Bernard Tapie prêt à céder un tiers de « Corse-Matin »
Bernard Tapie prêt à céder un tiers de « Corse-Matin »
LE MONDE ECONOMIE
Les discussions entamées durant l’été avec l’un des plus importants consortium d’entrepreneurs corses sont en voie d’achèvement.
L’affaire est quasiment bouclée. Bernard Tapie s’apprête à céder un tiers (35 % des parts) du journal Corse-Matin, dont il est, depuis 2014, l’unique propriétaire par le biais du groupe La Provence. « Il n’y a plus de suspense », a déclaré le patron du groupe de presse marseillais. Les discussions entamées durant l’été avec CM Holding, un consortium d’entrepreneurs corses, sont entrées en phase de négociations exclusives et en voie d’achèvement.
Ainsi que l’annonçaient Corse-Matin et La Provence jeudi 28 décembre, la holding présidée par l’homme d’affaires corse François Padrona devrait entrer au capital de la société Corse Presse dans le courant du premier trimestre 2018. « Si les discussions se concluent positivement, ce qui semble être le scénario le plus probable, notre prise de participation sera effective dès le premier trimestre 2018 », a confirmé le consortium dans un communiqué publié le 28 décembre.
CM Holding, qui regroupe une kyrielle d’environ 140 entreprises corses de tailles différentes, est contrôlée par une quinzaine d’entrepreneurs, parmi les plus importants de l’île. Son numéro un, François Padrona, 53 ans, dirige la société Linea Voyages. Il est également PDG des magasins Leclerc à Ajaccio et mandataire dans une quinzaine de conseils d’administration. Un des administrateurs de CM Holding, Antony Perrino, 38 ans, est l’un des principaux acteurs du secteur immobilier et du BTP insulaire.
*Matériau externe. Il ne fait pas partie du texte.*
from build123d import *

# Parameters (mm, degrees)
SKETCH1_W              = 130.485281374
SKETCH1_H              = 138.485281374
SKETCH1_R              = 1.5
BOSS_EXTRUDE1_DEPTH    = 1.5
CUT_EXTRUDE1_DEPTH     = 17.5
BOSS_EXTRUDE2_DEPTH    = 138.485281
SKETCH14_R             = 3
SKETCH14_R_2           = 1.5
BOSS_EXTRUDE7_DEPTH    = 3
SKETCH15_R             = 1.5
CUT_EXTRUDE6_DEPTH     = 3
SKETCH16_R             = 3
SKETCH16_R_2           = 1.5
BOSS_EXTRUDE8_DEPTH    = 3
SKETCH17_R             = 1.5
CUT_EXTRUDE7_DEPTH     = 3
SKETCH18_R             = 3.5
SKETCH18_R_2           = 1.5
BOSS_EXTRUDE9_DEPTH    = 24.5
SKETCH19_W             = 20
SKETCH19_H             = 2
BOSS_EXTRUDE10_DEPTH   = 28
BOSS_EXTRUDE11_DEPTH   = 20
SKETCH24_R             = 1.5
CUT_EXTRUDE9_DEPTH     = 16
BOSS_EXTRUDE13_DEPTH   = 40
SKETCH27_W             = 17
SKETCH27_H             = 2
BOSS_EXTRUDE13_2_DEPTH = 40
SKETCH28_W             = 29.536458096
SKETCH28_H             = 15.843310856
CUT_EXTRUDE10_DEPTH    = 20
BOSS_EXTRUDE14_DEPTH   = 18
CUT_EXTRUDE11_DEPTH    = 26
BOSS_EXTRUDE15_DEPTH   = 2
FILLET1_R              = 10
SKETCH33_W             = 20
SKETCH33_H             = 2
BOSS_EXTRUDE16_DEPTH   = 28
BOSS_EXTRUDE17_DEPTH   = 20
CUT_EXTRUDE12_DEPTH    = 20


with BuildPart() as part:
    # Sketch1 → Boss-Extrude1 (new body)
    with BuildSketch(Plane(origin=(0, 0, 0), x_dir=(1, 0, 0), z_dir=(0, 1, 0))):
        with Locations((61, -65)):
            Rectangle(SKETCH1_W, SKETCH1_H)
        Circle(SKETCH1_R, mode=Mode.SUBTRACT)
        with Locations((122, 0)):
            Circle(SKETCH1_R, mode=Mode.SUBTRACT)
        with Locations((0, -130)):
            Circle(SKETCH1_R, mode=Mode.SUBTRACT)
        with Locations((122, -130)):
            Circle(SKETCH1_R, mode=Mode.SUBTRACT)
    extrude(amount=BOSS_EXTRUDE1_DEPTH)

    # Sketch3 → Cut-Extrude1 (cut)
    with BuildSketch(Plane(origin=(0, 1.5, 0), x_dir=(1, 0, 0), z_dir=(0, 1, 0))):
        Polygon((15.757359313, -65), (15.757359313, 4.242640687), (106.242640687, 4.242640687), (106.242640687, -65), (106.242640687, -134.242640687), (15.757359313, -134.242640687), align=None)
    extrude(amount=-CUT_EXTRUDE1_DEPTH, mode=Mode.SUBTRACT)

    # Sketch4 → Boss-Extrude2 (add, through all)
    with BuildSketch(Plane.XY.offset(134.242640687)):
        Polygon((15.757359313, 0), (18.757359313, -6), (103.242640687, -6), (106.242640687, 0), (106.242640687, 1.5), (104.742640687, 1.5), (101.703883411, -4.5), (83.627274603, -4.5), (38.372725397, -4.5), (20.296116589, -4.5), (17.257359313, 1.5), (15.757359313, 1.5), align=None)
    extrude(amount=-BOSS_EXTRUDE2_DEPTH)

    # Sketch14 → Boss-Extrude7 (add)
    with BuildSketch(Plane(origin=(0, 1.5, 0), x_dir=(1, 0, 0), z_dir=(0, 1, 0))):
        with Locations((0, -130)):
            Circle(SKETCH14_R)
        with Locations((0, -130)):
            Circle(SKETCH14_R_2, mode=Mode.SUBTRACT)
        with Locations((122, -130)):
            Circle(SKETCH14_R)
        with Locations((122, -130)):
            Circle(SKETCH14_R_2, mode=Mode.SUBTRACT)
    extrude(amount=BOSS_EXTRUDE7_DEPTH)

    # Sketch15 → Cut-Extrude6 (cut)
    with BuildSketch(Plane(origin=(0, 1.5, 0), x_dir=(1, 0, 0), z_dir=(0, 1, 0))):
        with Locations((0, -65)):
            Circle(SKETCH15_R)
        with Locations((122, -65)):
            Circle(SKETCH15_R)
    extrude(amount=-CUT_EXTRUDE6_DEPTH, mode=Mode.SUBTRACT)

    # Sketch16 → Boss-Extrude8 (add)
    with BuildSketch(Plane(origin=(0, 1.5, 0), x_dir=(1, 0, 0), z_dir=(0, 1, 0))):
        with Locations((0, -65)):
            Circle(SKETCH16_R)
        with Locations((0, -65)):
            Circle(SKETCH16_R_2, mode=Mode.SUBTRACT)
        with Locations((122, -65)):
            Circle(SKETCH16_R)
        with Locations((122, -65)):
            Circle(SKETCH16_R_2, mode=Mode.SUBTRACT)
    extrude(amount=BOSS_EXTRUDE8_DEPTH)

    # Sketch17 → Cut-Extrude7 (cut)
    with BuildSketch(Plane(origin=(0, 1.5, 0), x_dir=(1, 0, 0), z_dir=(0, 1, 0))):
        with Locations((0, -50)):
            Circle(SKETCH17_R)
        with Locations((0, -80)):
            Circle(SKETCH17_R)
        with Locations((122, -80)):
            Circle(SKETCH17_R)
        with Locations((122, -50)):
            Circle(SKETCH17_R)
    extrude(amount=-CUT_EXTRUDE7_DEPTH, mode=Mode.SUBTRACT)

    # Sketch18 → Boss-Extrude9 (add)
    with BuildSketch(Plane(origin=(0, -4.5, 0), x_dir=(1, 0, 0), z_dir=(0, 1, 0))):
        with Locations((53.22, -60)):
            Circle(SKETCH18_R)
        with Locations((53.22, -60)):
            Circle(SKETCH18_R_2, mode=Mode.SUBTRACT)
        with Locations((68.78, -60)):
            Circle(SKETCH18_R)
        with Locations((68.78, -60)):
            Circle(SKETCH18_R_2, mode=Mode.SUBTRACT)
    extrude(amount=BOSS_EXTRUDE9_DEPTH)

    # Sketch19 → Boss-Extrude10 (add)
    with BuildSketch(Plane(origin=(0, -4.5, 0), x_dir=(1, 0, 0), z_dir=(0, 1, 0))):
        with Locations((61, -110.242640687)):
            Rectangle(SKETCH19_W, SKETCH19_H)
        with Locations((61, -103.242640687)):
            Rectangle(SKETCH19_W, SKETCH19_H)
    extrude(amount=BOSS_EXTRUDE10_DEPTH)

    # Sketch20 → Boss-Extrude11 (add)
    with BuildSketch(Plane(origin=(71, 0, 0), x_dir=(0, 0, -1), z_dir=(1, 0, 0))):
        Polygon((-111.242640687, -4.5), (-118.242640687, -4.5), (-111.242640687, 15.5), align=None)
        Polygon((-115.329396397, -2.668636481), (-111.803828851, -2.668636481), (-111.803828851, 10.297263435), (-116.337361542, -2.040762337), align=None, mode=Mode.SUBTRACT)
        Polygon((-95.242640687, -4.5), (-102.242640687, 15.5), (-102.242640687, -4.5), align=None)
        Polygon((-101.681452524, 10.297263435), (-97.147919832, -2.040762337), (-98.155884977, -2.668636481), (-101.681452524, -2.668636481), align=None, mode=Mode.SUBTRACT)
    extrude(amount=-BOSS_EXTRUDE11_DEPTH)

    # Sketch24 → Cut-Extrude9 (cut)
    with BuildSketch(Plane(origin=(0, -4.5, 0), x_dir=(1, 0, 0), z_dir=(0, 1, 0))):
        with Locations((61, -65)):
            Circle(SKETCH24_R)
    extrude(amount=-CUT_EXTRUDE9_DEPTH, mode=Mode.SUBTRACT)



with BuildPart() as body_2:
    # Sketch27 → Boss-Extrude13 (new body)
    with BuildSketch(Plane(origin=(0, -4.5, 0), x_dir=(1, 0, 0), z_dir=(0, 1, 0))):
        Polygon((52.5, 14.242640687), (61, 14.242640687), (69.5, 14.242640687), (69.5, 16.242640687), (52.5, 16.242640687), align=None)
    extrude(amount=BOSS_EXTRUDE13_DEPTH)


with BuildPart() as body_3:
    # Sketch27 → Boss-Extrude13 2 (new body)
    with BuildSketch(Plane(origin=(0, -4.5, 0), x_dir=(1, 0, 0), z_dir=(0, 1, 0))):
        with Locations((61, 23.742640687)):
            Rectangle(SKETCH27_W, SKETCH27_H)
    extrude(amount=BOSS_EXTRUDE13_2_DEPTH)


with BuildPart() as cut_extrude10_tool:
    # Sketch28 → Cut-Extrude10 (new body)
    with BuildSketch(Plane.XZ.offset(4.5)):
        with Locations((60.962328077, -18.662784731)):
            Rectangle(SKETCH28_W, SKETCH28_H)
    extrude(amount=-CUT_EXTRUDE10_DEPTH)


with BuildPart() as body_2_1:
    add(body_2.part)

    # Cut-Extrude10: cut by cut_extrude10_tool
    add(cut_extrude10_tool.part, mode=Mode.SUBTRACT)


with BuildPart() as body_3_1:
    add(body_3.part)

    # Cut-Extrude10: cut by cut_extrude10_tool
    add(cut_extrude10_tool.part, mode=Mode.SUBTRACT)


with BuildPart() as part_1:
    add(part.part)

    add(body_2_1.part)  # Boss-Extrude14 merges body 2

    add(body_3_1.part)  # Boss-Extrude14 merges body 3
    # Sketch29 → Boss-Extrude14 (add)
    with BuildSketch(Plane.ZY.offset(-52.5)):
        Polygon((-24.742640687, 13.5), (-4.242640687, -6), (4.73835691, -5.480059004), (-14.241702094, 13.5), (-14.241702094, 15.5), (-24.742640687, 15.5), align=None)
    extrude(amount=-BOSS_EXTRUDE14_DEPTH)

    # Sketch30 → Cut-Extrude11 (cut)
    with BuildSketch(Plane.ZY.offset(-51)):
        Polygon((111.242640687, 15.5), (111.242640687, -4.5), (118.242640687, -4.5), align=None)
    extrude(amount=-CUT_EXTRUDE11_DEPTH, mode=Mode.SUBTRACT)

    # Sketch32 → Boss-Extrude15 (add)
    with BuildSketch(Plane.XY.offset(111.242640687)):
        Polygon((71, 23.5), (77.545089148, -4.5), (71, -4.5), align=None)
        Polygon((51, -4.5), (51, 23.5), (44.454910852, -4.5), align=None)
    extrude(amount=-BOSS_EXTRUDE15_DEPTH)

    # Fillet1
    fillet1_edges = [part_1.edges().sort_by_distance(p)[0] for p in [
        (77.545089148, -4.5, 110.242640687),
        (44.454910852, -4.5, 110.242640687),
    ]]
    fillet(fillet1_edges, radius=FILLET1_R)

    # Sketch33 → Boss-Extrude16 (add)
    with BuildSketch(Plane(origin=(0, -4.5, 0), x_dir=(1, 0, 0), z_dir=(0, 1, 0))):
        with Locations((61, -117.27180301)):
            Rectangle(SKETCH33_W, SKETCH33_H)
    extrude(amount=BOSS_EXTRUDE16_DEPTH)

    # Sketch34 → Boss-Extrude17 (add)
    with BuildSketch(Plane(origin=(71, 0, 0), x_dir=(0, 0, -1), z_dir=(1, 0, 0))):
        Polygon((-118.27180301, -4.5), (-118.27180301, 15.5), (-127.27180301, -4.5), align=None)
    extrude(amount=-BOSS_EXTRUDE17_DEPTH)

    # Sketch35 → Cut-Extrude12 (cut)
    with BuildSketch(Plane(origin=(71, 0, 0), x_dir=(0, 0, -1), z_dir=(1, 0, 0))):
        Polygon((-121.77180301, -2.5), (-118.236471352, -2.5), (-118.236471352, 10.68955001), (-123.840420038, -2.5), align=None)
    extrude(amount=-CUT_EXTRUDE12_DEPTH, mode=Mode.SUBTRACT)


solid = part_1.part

Patron de l’entreprise du même nom, il est le fils de François Perrino, ancien vice-président de la chambre de commerce et d’industrie de Corse-du-Sud, qui fut également président de la fédération départementale du BTP. Enfin, le patron du Medef de l’île, Charles Zuccarelli, 45 ans, siège lui aussi au conseil d’administration du consortium.
« La World Company corse »
Propriétaire de la compagnie de ferrys Corsica Linea, créée il y a 18 mois au moment de la reprise de la Société nationale maritime Corse-Méditérranée (SNCM), CM Holding deviendra actionnaire minoritaire de Corse Presse pour une somme dont le montant n’a pas été communiqué. Selon François Padrona, son groupe « aspire à défendre un certain nombre d’institutions indispensables à la vie de l’île au quotidien ». Et Corse-Matin, unique quotidien insulaire vendu chaque jour à un peu plus de 32 000 exemplaires, reste le journal au plus fort taux de pénétration localement. Si ses ventes affichent un recul de plus 2 % sur l’exercice 2016-2017 et si ses pertes financières sont encore importantes (environ 200 000 euros), le journal n’en demeure pas moins une institution corse.
Pour Bernard Tapie, le résultat des élections de décembre qui ont consacré la victoire des nationalistes à la collectivité territoriale de Corse « justifie encore plus l’entrée au capital de gens qui vivent pleinement la Corse. (…) Il est bon qu’un des actionnaires ait la réalité de la vie dans l’âme, dans les veines, dans le cerveau ». Le célèbre entrepreneur, âgé de 74 ans et atteint d’un cancer, a été renvoyé à la mi-décembre en correctionnelle pour « escroquerie » et « détournement de fonds publics » dans l’affaire de l’arbitrage de son litige avec le Crédit lyonnais.
A la rédaction de Corse-Matin, qui jusqu’à ces derniers jours n’avait pas été prévenue de la transaction en cours, la nouvelle suscite certaines inquiétudes. « C’est la World Company corse qui s’offre son journal », ironisait un rédacteur qui préfère garder l’anonymat. « C’est notre CAC 40 à nous », renchérissait un autre, qui voit dans cette opération une dangereuse « concentration des pouvoirs » entre les mains de quelques grosses fortunes de l’île.
Selon plusieurs journalistes joints par Le Monde, depuis son arrivée Bernard Tapie n’est jamais intervenu sur le moindre papier. En sera-t-il de même avec les nouveaux actionnaires ? A les en croire, ils n’ont pas l’intention de modifier la ligne éditoriale du journal. « Son indépendance rédactionnelle sera garantie », a affirmé François Padrona. Celui-ci a assuré que le nouvel actionnaire limiterait son rôle aux domaines de la gestion et du développement. Un comité d’entreprise a été convoqué pour vendredi 5 janvier.